Stored data entries:
◆ ◆ ◆

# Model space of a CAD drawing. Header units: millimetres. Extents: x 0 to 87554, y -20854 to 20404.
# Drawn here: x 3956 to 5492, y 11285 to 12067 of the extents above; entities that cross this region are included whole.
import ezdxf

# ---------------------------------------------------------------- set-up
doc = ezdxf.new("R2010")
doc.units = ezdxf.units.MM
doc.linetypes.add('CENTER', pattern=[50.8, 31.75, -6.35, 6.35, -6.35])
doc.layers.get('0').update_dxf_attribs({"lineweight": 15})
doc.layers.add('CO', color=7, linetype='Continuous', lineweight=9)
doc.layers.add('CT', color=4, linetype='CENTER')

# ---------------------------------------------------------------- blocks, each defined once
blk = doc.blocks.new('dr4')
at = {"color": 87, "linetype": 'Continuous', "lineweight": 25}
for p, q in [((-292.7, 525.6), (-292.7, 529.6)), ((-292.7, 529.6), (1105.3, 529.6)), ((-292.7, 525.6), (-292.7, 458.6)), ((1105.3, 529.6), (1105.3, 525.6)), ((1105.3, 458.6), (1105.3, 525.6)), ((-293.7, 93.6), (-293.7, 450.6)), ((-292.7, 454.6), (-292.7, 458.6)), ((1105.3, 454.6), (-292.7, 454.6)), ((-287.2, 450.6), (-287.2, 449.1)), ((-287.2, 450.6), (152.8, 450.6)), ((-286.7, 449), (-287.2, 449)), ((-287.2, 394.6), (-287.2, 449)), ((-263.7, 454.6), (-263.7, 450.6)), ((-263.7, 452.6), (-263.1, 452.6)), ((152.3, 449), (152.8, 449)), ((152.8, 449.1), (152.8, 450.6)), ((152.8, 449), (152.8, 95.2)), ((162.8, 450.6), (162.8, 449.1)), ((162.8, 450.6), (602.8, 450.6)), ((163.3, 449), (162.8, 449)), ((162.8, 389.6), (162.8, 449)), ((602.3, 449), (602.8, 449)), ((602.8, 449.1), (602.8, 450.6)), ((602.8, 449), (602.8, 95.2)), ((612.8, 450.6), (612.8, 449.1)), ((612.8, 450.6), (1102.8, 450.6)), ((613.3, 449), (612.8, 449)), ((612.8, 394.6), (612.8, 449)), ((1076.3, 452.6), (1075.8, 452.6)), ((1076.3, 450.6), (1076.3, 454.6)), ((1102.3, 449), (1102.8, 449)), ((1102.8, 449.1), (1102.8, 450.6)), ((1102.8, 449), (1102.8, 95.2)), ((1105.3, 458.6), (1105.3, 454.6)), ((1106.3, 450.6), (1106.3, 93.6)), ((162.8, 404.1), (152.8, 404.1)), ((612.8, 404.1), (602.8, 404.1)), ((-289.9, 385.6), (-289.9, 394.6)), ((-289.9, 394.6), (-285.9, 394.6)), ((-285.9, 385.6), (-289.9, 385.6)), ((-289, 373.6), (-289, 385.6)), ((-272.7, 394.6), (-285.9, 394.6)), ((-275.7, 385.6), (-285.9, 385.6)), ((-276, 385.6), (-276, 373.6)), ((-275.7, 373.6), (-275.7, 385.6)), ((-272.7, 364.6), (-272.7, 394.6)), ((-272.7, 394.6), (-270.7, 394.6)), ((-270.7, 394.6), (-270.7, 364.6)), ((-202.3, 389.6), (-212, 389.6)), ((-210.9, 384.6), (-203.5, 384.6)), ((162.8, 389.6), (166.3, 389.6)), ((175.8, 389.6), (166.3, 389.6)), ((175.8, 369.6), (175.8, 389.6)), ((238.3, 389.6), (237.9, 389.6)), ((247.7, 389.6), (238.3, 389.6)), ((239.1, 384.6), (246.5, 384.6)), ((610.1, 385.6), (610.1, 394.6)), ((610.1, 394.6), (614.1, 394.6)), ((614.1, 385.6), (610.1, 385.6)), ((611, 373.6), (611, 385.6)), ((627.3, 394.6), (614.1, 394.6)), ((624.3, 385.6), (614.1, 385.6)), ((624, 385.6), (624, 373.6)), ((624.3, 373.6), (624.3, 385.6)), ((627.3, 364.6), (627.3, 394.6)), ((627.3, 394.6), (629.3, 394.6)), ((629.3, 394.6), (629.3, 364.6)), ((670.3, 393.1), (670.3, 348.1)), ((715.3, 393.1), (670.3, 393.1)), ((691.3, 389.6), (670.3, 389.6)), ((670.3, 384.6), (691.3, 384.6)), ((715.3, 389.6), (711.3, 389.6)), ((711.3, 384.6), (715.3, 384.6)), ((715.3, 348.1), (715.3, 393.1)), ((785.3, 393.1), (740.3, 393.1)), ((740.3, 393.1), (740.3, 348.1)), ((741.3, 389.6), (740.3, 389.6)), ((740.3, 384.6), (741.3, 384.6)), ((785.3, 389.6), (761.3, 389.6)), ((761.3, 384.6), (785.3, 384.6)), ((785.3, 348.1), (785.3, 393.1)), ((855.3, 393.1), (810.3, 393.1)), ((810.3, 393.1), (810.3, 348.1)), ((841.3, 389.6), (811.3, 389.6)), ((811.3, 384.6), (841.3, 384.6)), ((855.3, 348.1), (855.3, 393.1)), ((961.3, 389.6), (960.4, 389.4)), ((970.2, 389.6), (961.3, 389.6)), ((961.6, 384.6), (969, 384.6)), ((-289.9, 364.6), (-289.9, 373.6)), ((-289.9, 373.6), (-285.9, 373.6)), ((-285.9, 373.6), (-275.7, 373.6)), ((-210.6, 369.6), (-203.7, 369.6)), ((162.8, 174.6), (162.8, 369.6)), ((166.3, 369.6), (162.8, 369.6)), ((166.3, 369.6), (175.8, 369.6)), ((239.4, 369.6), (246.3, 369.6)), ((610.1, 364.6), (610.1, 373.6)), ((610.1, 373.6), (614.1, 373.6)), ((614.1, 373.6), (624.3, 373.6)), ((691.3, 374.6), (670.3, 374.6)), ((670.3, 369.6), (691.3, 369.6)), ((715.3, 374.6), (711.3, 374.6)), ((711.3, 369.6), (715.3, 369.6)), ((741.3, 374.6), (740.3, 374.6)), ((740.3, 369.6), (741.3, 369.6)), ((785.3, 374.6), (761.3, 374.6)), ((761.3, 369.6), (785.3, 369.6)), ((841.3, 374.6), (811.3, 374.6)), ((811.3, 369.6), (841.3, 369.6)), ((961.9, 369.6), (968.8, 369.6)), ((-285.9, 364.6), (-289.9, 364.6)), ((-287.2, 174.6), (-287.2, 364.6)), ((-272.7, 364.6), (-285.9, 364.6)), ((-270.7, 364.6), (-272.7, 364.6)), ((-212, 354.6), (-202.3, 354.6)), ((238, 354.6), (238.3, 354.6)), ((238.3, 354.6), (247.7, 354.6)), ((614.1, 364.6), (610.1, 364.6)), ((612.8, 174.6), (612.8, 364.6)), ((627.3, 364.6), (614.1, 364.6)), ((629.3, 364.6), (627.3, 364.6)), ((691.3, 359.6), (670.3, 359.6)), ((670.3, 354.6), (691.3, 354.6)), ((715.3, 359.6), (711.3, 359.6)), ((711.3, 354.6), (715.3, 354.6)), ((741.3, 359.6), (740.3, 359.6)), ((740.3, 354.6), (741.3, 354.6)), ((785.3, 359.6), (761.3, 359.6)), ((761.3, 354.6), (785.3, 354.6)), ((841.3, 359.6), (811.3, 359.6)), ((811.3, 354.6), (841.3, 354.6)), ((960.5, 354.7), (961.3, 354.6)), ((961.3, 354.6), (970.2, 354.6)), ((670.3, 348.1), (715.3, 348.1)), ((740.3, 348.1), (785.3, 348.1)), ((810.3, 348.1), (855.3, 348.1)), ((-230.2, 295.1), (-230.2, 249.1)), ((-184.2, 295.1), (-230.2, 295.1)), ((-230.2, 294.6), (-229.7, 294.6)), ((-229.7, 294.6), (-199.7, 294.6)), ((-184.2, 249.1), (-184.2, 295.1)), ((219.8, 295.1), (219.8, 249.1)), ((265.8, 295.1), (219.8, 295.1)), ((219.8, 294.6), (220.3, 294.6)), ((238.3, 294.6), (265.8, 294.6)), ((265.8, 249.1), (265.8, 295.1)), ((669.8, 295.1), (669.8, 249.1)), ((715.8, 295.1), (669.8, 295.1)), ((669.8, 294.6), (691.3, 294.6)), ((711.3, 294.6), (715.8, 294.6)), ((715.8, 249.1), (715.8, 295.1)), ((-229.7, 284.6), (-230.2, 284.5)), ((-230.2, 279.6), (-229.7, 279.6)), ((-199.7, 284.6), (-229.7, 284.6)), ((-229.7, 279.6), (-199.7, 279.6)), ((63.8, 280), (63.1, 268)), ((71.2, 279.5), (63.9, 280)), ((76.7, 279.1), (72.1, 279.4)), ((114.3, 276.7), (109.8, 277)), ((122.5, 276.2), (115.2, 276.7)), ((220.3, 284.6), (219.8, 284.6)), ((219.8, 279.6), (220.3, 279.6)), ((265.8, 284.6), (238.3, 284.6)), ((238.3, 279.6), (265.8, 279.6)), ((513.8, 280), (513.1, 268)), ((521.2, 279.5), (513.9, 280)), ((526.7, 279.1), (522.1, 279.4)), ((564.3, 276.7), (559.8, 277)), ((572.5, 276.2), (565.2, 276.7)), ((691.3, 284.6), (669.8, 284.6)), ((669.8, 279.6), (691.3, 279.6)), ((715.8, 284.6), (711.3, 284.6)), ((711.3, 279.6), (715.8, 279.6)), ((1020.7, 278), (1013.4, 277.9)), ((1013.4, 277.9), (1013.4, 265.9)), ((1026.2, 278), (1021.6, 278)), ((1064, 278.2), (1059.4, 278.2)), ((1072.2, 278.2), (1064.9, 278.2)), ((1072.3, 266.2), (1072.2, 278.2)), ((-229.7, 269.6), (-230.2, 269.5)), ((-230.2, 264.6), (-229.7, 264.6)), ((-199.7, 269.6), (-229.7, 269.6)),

◆ ◆ ◆

Please set down again, word for word, only the lines from the start of the entries through the line with "-6.35, 6.35, -6.35])", both ends included.

_REPLY TO THE TASK_
# Model space of a CAD drawing. Header units: millimetres. Extents: x 0 to 87554, y -20854 to 20404.
# Drawn here: x 3956 to 5492, y 11285 to 12067 of the extents above; entities that cross this region are included whole.
import ezdxf

# ---------------------------------------------------------------- set-up
doc = ezdxf.new("R2010")
doc.units = ezdxf.units.MM
doc.linetypes.add('CENTER', pattern=[50.8, 31.75, -6.35, 6.35, -6.35])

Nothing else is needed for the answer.